Anadolu toprakları kara bulutlarla kaplıydı. Umutsuzluk, yoksulluk ve esaretin gölgesi halkın yüreğine çökmüştü. Ancak bir adamın gözlerindeki mavi ışık, bu karanlığı delip geçti. Mustafa Kemal Atatürk, o ışığıyla yalnız bir ulusu değil, bir geleceği de aydınlattı. İşte o ışığın adı Cumhuriyet oldu.
Cumhuriyet, sadece bir yönetim biçimi değildir. Cumhuriyet, insanı merkeze alan, eşitliği, özgürlüğü ve adaleti temel alan bir yaşam biçimidir. Halkın kendi kaderini eline almasıdır. Her bireyin “Ben de varım” diyebilmesidir. Cumhuriyet biziz ve cumhuriyetle varız.

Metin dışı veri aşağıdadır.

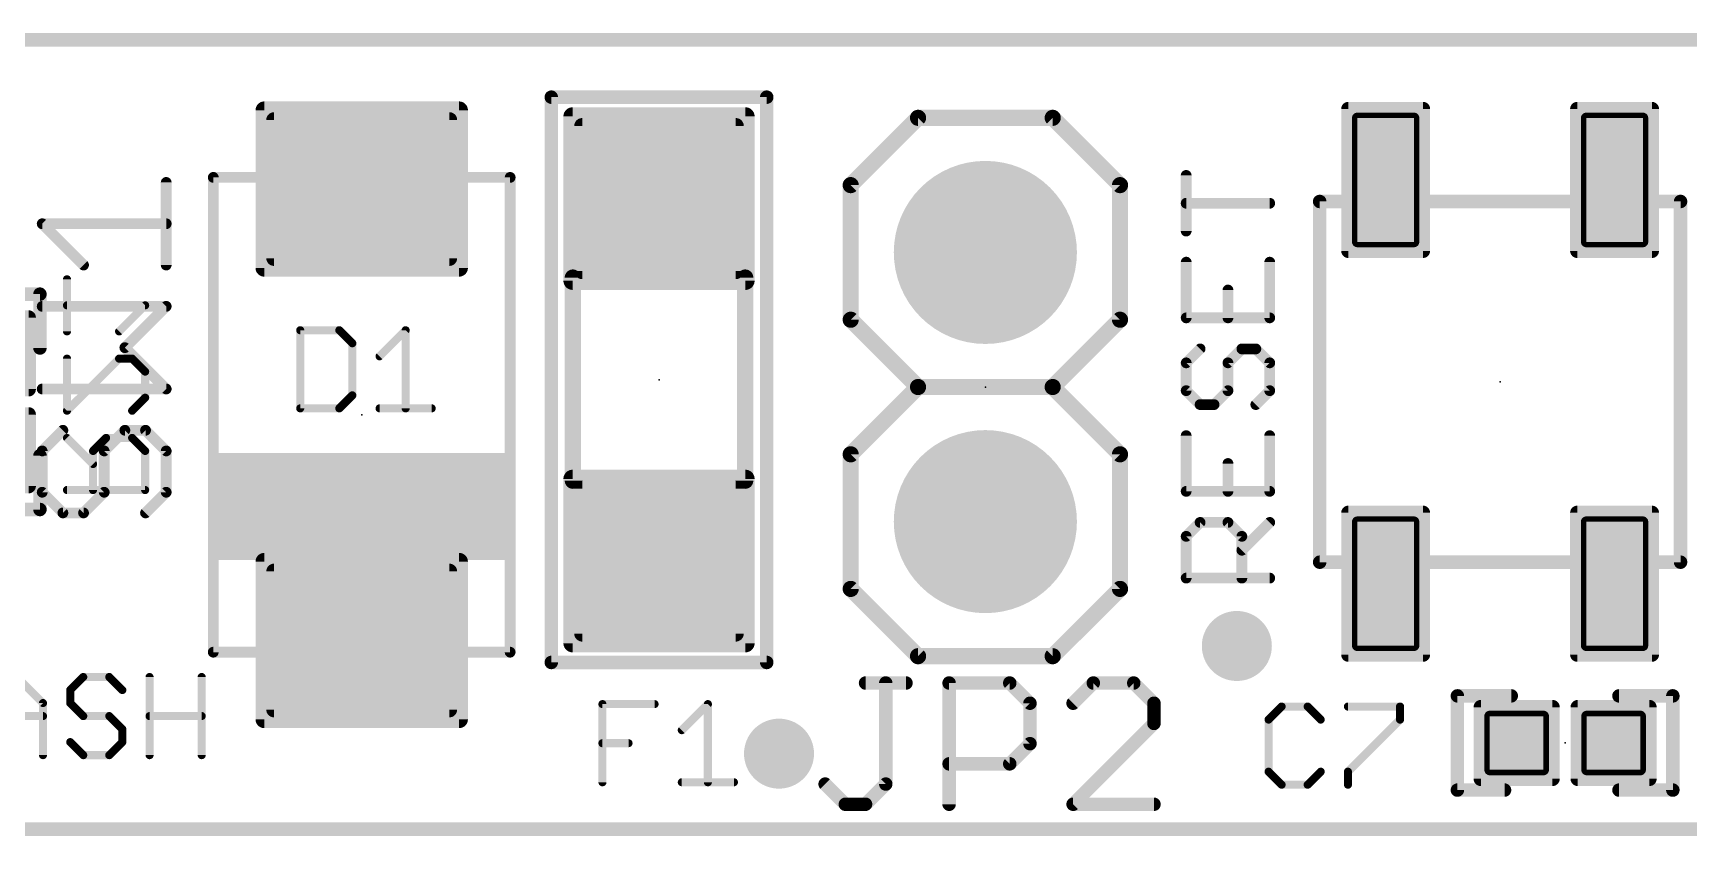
# Model space of a CAD drawing. Extents: x -35.6 to 35.6, y -20.1 to 20.1.
# Drawn here: x -15.3 to 0.32, y 7.89 to 15.46 of the extents above; entities that cross this region are included whole.
import ezdxf

# ---------------------------------------------------------------- set-up
doc = ezdxf.new("R2010")
doc.units = 0
for name, color, linetype in [('17', 82, 'CONTINUOUS'), ('18', 82, 'CONTINUOUS'), ('20', 7, 'CONTINUOUS'), ('21', 253, 'CONTINUOUS'), ('22', 253, 'CONTINUOUS'), ('23', 7, 'CONTINUOUS'), ('25', 253, 'CONTINUOUS'), ('26', 253, 'CONTINUOUS'), ('29', 253, 'CONTINUOUS'), ('30', 253, 'CONTINUOUS'), ('31', 253, 'CONTINUOUS'), ('51', 253, 'CONTINUOUS')]:
    doc.layers.add(name, color=color, linetype=linetype)

# ---------------------------------------------------------------- blocks, each defined once
blk = doc.blocks.new('RECT130048X130048R17')
at = {"const_width": 0.0691}
blk.add_lwpolyline([(0.3719, -0.3373), (0.3719, 0.3373, 0.4142), (0.3373, 0.3719), (-0.3373, 0.3719, 0.4142), (-0.3719, 0.3373), (-0.3719, -0.3373, 0.4142), (-0.3373, -0.3719), (0.3373, -0.3719, 0.4142)], format="xyb", close=True, dxfattribs=at)
blk.add_solid([(-0.3546, -0.3546), (0.3546, -0.3546), (-0.3546, 0.3546), (0.3546, 0.3546)])
blk = doc.blocks.new('RECT97536X97536R17')
at = {"const_width": 0.0518}
blk.add_lwpolyline([(0.2789, -0.253), (0.2789, 0.253, 0.4142), (0.253, 0.2789), (-0.253, 0.2789, 0.4142), (-0.2789, 0.253), (-0.2789, -0.253, 0.4142), (-0.253, -0.2789), (0.253, -0.2789, 0.4142)], format="xyb", close=True, dxfattribs=at)
blk.add_solid([(-0.2659, -0.2659), (0.2659, -0.2659), (-0.2659, 0.2659), (0.2659, 0.2659)])
blk = doc.blocks.new('RECT')
blk.add_solid([(-0.5, -0.5), (0.5, -0.5), (-0.5, 0.5), (0.5, 0.5)])
blk = doc.blocks.new('RECT264512X320512R10')
at = {"const_width": 0.0827}
blk.add_lwpolyline([(0.7853, -0.9189), (0.7853, 0.9189, 0.4142), (0.7439, 0.9603), (-0.7439, 0.9603, 0.4142), (-0.7853, 0.9189), (-0.7853, -0.9189, 0.4142), (-0.7439, -0.9603), (0.7439, -0.9603, 0.4142)], format="xyb", close=True, dxfattribs=at)
blk.add_solid([(-0.7646, -0.9396), (0.7646, -0.9396), (-0.7646, 0.9396), (0.7646, 0.9396)])
blk = doc.blocks.new('RECT232000X288000R10')
at = {"const_width": 0.0725}
blk.add_lwpolyline([(0.6888, -0.8275), (0.6888, 0.8275, 0.4142), (0.6525, 0.8638), (-0.6525, 0.8638, 0.4142), (-0.6888, 0.8275), (-0.6888, -0.8275, 0.4142), (-0.6525, -0.8638), (0.6525, -0.8638, 0.4142)], format="xyb", close=True, dxfattribs=at)
blk.add_solid([(-0.6706, -0.8456), (0.6706, -0.8456), (-0.6706, 0.8456), (0.6706, 0.8456)])
blk = doc.blocks.new('RECT275712X288512R10')
at = {"const_width": 0.0862}
blk.add_lwpolyline([(0.8185, -0.8154), (0.8185, 0.8154, 0.4142), (0.7754, 0.8585), (-0.7754, 0.8585, 0.4142), (-0.8185, 0.8154), (-0.8185, -0.8154, 0.4142), (-0.7754, -0.8585), (0.7754, -0.8585, 0.4142)], format="xyb", close=True, dxfattribs=at)
blk.add_solid([(-0.797, -0.837), (0.797, -0.837), (-0.797, 0.837), (0.797, 0.837)])
blk = doc.blocks.new('RECT243200X256000R10')
at = {"const_width": 0.076}
blk.add_lwpolyline([(0.722, -0.724), (0.722, 0.724, 0.4142), (0.684, 0.762), (-0.684, 0.762, 0.4142), (-0.722, 0.724), (-0.722, -0.724, 0.4142), (-0.684, -0.762), (0.684, -0.762, 0.4142)], format="xyb", close=True, dxfattribs=at)
blk.add_solid([(-0.703, -0.743), (0.703, -0.743), (-0.703, 0.743), (0.703, 0.743)])
blk = doc.blocks.new('ROUNDP')
at = {"const_width": 0.5}
blk.add_lwpolyline([(0, -0.25, 1), (0, 0.25, 1), (0, -0.25)], format="xyb", dxfattribs=at)
blk = doc.blocks.new('RECT235712X134112R16')
at = {"const_width": 0.067}
blk.add_lwpolyline([(0.7031, -0.352), (0.7031, 0.352, 0.4142), (0.6695, 0.3856), (-0.6695, 0.3856, 0.4142), (-0.7031, 0.352), (-0.7031, -0.352, 0.4142), (-0.6695, -0.3856), (0.6695, -0.3856, 0.4142)], format="xyb", close=True, dxfattribs=at)
blk.add_solid([(-0.6863, -0.3688), (0.6863, -0.3688), (-0.6863, 0.3688), (0.6863, 0.3688)])
blk = doc.blocks.new('RECT203200X101600R16')
at = {"const_width": 0.0508}
blk.add_lwpolyline([(0.6096, -0.2667), (0.6096, 0.2667, 0.4142), (0.5842, 0.2921), (-0.5842, 0.2921, 0.4142), (-0.6096, 0.2667), (-0.6096, -0.2667, 0.4142), (-0.5842, -0.2921), (0.5842, -0.2921, 0.4142)], format="xyb", close=True, dxfattribs=at)
blk.add_solid([(-0.5969, -0.2794), (0.5969, -0.2794), (-0.5969, 0.2794), (0.5969, 0.2794)])
blk = doc.blocks.new('ROUNDV')
at = {"const_width": 0.5}
blk.add_lwpolyline([(0, -0.25, 1), (0, 0.25, 1), (0, -0.25)], format="xyb", dxfattribs=at)

msp = doc.modelspace()

# ---------------------------------------------------------------- linework, layer by layer
at = {"layer": '20', "const_width": 0.127}
msp.add_lwpolyline([(-27, 15.4), (27, 15.4)], dxfattribs=at)
at = {"layer": '21'}
for points, const_width in [([(-10.3822, 14.859, 1), (-10.4458, 14.859)], 0.0635), ([(-10.414, 14.8908, 1), (-10.414, 14.8272)], 0.0635), ([(-8.3502, 14.859, 1), (-8.4138, 14.859)], 0.0635), ([(-8.382, 14.8272, 1), (-8.382, 14.8908)], 0.0635), ([(-6.955, 14.7021, 1), (-6.955, 14.6259)], 0.0762), ([(-6.9281, 14.6371, 1), (-6.9819, 14.6909)], 0.0762), ([(-5.6581, 14.6909, 1), (-5.7119, 14.6371)], 0.0762), ([(-5.685, 14.6259, 1), (-5.685, 14.7021)], 0.0762), ([(-13.602, 14.1274, 1), (-13.602, 14.0766)], 0.0508), ([(-13.5766, 14.102, 1), (-13.6274, 14.102)], 0.0508), ([(-10.7766, 14.102, 1), (-10.8274, 14.102)], 0.0508), ([(-10.802, 14.0766, 1), (-10.802, 14.1274)], 0.0508), ([(-7.5519, 14.029, 1), (-7.6281, 14.029)], 0.0762), ([(-7.6169, 14.0559, 1), (-7.5631, 14.0021)], 0.0762), ([(-5.0119, 14.029, 1), (-5.0881, 14.029)], 0.0762), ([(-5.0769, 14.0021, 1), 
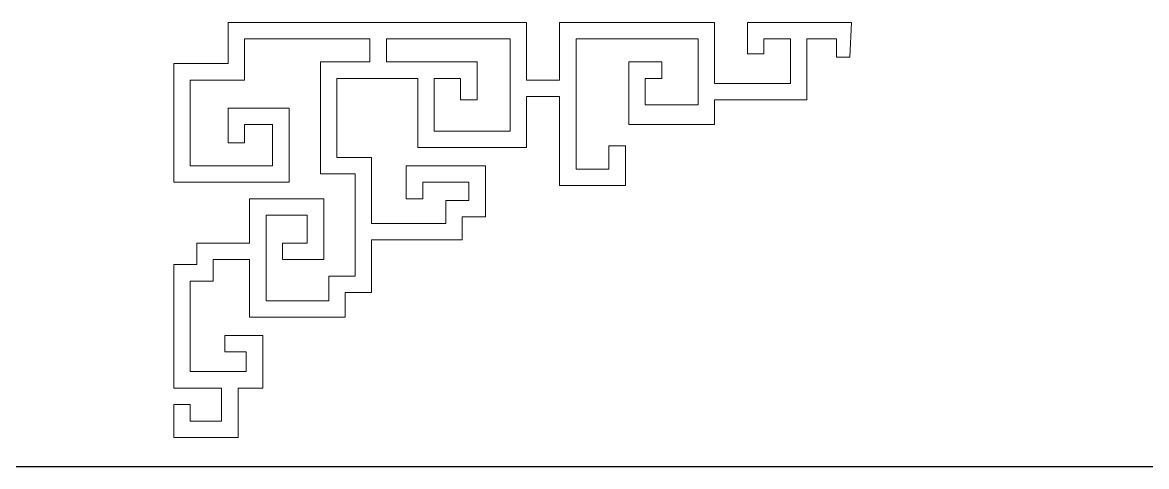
# Model space of a CAD drawing. Extents: x -66030 to 95157, y -13132 to 45879.
# Drawn here: x -60145 to -57482, y 8010 to 9063 of the extents above; entities that cross this region are included whole.
import ezdxf

# ---------------------------------------------------------------- set-up
doc = ezdxf.new("R2010")
doc.units = 0
doc.header["$LTSCALE"] = 100
doc.header["$MEASUREMENT"] = 0
doc.layers.get('0').update_dxf_attribs({"linetype": 'CONTINUOUS'})
doc.layers.add('3', color=11, linetype='CONTINUOUS')

msp = doc.modelspace()

# ---------------------------------------------------------------- linework, layer by layer
at = {"color": 29, "lineweight": 0}
msp.add_lwpolyline([(-59606.6, 8645.2), (-59606.6, 8539.8), (-59731.6, 8539.8), (-59731.6, 8489), (-59786.2, 8489), (-59786.2, 8196), (-59673, 8196), (-59673, 8117.9), (-59747.2, 8117.9), (-59747.2, 8157), (-59786.2, 8157), (-59786.2, 8078.9), (-59633.9, 8078.9), (-59633.9, 8196), (-59575.3, 8196), (-59575.3, 8321), (-59665.2, 8321), (-59665.2, 8282), (-59614.4, 8282), (-59614.4, 8235.1), (-59747.2, 8235.1), (-59747.2, 8449.9), (-59692.5, 8449.9), (-59692.5, 8500.7), (-59606.6, 8500.7), (-59606.6, 8364), (-59380, 8364), (-59380, 8422.6), (-59317.5, 8422.6), (-59317.5, 8547.6), (-59102.7, 8547.6), (-59102.7, 8602.3), (-59048, 8602.3), (-59048, 8723.4), (-59235.5, 8723.4), (-59235.5, 8645.2), (-59196.4, 8645.2), (-59196.4, 8684.3), (-59087.1, 8684.3), (-59087.1, 8641.3), (-59141.8, 8641.3), (-59141.8, 8586.6), (-59317.5, 8586.6), (-59317.5, 8742.9), (-59399.6, 8742.9), (-59399.6, 8930.4), (-59208.2, 8930.4), (-59208.2, 8766.3), (-58950.4, 8766.3), (-58950.4, 8887.4), (-58872.2, 8887.4), (-58872.2, 8676.5), (-58716, 8676.5), (-58716, 8770.2), (-58755.1, 8770.2), (-58755.1, 8715.5), (-58833.2, 8715.5), (-58833.2, 9024.1), (-58544.1, 9024.1), (-58544.1, 8867.9), (-58669.1, 8867.9), (-58669.1, 8930.4), (-58630.1, 8930.4), (-58630.1, 8969.4), (-58708.2, 8969.4), (-58708.2, 8821), (-58505.1, 8821), (-58505.1, 8879.6), (-58286.4, 8879.6), (-58286.4, 9024.1), (-58216, 9024.1), (-58216, 8981.1), (-58184.8, 8981.1), (-58180.9, 9063.2), (-58427, 9063.2), (-58427, 8989), (-58387.9, 8989), (-58387.9, 9024.1), (-58325.4, 9024.1), (-58325.4, 8918.6), (-58505.1, 8918.6), (-58505.1, 9063.2), (-58872.2, 9063.2), (-58872.2, 8926.5), (-58950.4, 8926.5), (-58950.4, 9063.2), (-59657.3, 9063.2), (-59657.3, 8965.5), (-59786.2, 8965.5), (-59786.2, 8684.3), (-59512.8, 8684.3), (-59512.8, 8860.1), (-59657.3, 8860.1), (-59657.3, 8778), (-59618.3, 8778), (-59618.3, 8821), (-59551.9, 8821), (-59551.9, 8723.4), (-59747.2, 8723.4), (-59747.2, 8926.5), (-59618.3, 8926.5), (-59618.3, 9024.1), (-59321.4, 9024.1), (-59321.4, 8969.4), (-59438.6, 8969.4), (-59438.6, 8703.8), (-59356.6, 8703.8), (-59356.6, 8461.7), (-59419.1, 8461.7), (-59419.1, 8403.1), (-59567.5, 8403.1), (-59567.5, 8606.2), (-59469.9, 8606.2), (-59469.9, 8539.8), (-59528.4, 8539.8), (-59528.4, 8500.7), (-59430.8, 8500.7), (-59430.8, 8645.2), (-59606.6, 8645.2)], close=True, dxfattribs=at)
at = {"color": 179, "lineweight": 0}
msp.add_lwpolyline([(-59606.6, 8645.2), (-59606.6, 8539.8), (-59731.6, 8539.8), (-59731.6, 8489), (-59786.2, 8489), (-59786.2, 8196), (-59673, 8196), (-59673, 8117.9), (-59747.2, 8117.9), (-59747.2, 8157), (-59786.2, 8157), (-59786.2, 8078.9), (-59633.9, 8078.9), (-59633.9, 8196), (-59575.3, 8196), (-59575.3, 8321), (-59665.2, 8321), (-59665.2, 8282), (-59614.4, 8282), (-59614.4, 8235.1), (-59747.2, 8235.1), (-59747.2, 8449.9), (-59692.5, 8449.9), (-59692.5, 8500.7), (-59606.6, 8500.7), (-59606.6, 8364), (-59380, 8364), (-59380, 8422.6), (-59317.5, 8422.6), (-59317.5, 8547.6), (-59102.7, 8547.6), (-59102.7, 8602.3), (-59048, 8602.3), (-59048, 8723.4), (-59235.5, 8723.4), (-59235.5, 8645.2), (-59196.4, 8645.2), (-59196.4, 8684.3), (-59087.1, 8684.3), (-59087.1, 8641.3), (-59141.8, 8641.3), (-59141.8, 8586.6), (-59317.5, 8586.6), (-59317.5, 8742.9), (-59399.6, 8742.9), (-59399.6, 8930.4), (-59208.2, 8930.4), (-59208.2, 8766.3), (-58950.4, 8766.3), (-58950.4, 8887.4), (-58872.2, 8887.4), (-58872.2, 8676.5), (-58716, 8676.5), (-58716, 8770.2), (-58755.1, 8770.2), (-58755.1, 8715.5), (-58833.2, 8715.5), (-58833.2, 9024.1), (-58544.1, 9024.1), (-58544.1, 8867.9), (-58669.1, 8867.9), (-58669.1, 8930.4), (-58630.1, 8930.4), (-58630.1, 8969.4), (-58708.2, 8969.4), (-58708.2, 8821), (-58505.1, 8821), (-58505.1, 8879.6), (-58286.4, 8879.6), (-58286.4, 9024.1), (-58216, 9024.1), (-58216, 8981.1), (-58184.8, 8981.1), (-58180.9, 9063.2), (-58427, 9063.2), (-58427, 8989), (-58387.9, 8989), (-58387.9, 9024.1), (-58325.4, 9024.1), (-58325.4, 8918.6), (-58505.1, 8918.6), (-58505.1, 9063.2), (-58872.2, 9063.2), (-58872.2, 8926.5), (-58950.4, 8926.5), (-58950.4, 9063.2), (-59657.3, 9063.2), (-59657.3, 8965.5), (-59786.2, 8965.5), (-59786.2, 8684.3), (-59512.8, 8684.3), (-59512.8, 8860.1), (-59657.3, 8860.1), (-59657.3, 8778), (-59618.3, 8778), (-59618.3, 8821), (-59551.9, 8821), (-59551.9, 8723.4), (-59747.2, 8723.4), (-59747.2, 8926.5), (-59618.3, 8926.5), (-59618.3, 9024.1), (-59321.4, 9024.1), (-59321.4, 8969.4), (-59438.6, 8969.4), (-59438.6, 8703.8), (-59356.6, 8703.8), (-59356.6, 8461.7), (-59419.1, 8461.7), (-59419.1, 8403.1), (-59567.5, 8403.1), (-59567.5, 8606.2), (-59469.9, 8606.2), (-59469.9, 8539.8), (-59528.4, 8539.8), (-59528.4, 8500.7), (-59430.8, 8500.7), (-59430.8, 8645.2), (-59606.6, 8645.2)], close=True, dxfattribs=at)
at = {"lineweight": 0}
msp.add_lwpolyline([(-58989.4, 9024.1), (-58989.4, 8805.4), (-59169.1, 8805.4), (-59169.1, 8930.4), (-59106.6, 8930.4), (-59106.6, 8879.6), (-59067.5, 8879.6), (-59067.5, 8969.4), (-59282.4, 8969.4), (-59282.4, 9024.1), (-58989.4, 9024.1)], close=True, dxfattribs=at)
msp.add_lwpolyline([(-58989.4, 9024.1), (-58989.4, 8805.4), (-59169.1, 8805.4), (-59169.1, 8930.4), (-59106.6, 8930.4), (-59106.6, 8879.6), (-59067.5, 8879.6), (-59067.5, 8969.4), (-59282.4, 8969.4), (-59282.4, 9024.1), (-58989.4, 9024.1)], close=True, dxfattribs=at)
at = {"layer": '3', "color": 2}
msp.add_line((-66009.4, 8010), (95156.9, 8010), dxfattribs=at)

doc.saveas('drawing.dxf')

Bugün 102 yıldır o ışığın altında yürüyoruz. Bazen fırtınalarla, bazen gölgelerle karşılaştık; ama ışığımız hiç sönmedi, sönmeyecek de. Çünkü o ışık, bir milletin kalbinde yanıyor.
Atamıza bir sözümüz var:
Bu ışığı koruyacak, Cumhuriyet’i sonsuza dek yaşatacağız.
Cumhuriyet Bayramımız kutlu olsun.
Ne mutlu Cumhuriyet’in ışığında yürüyenlere!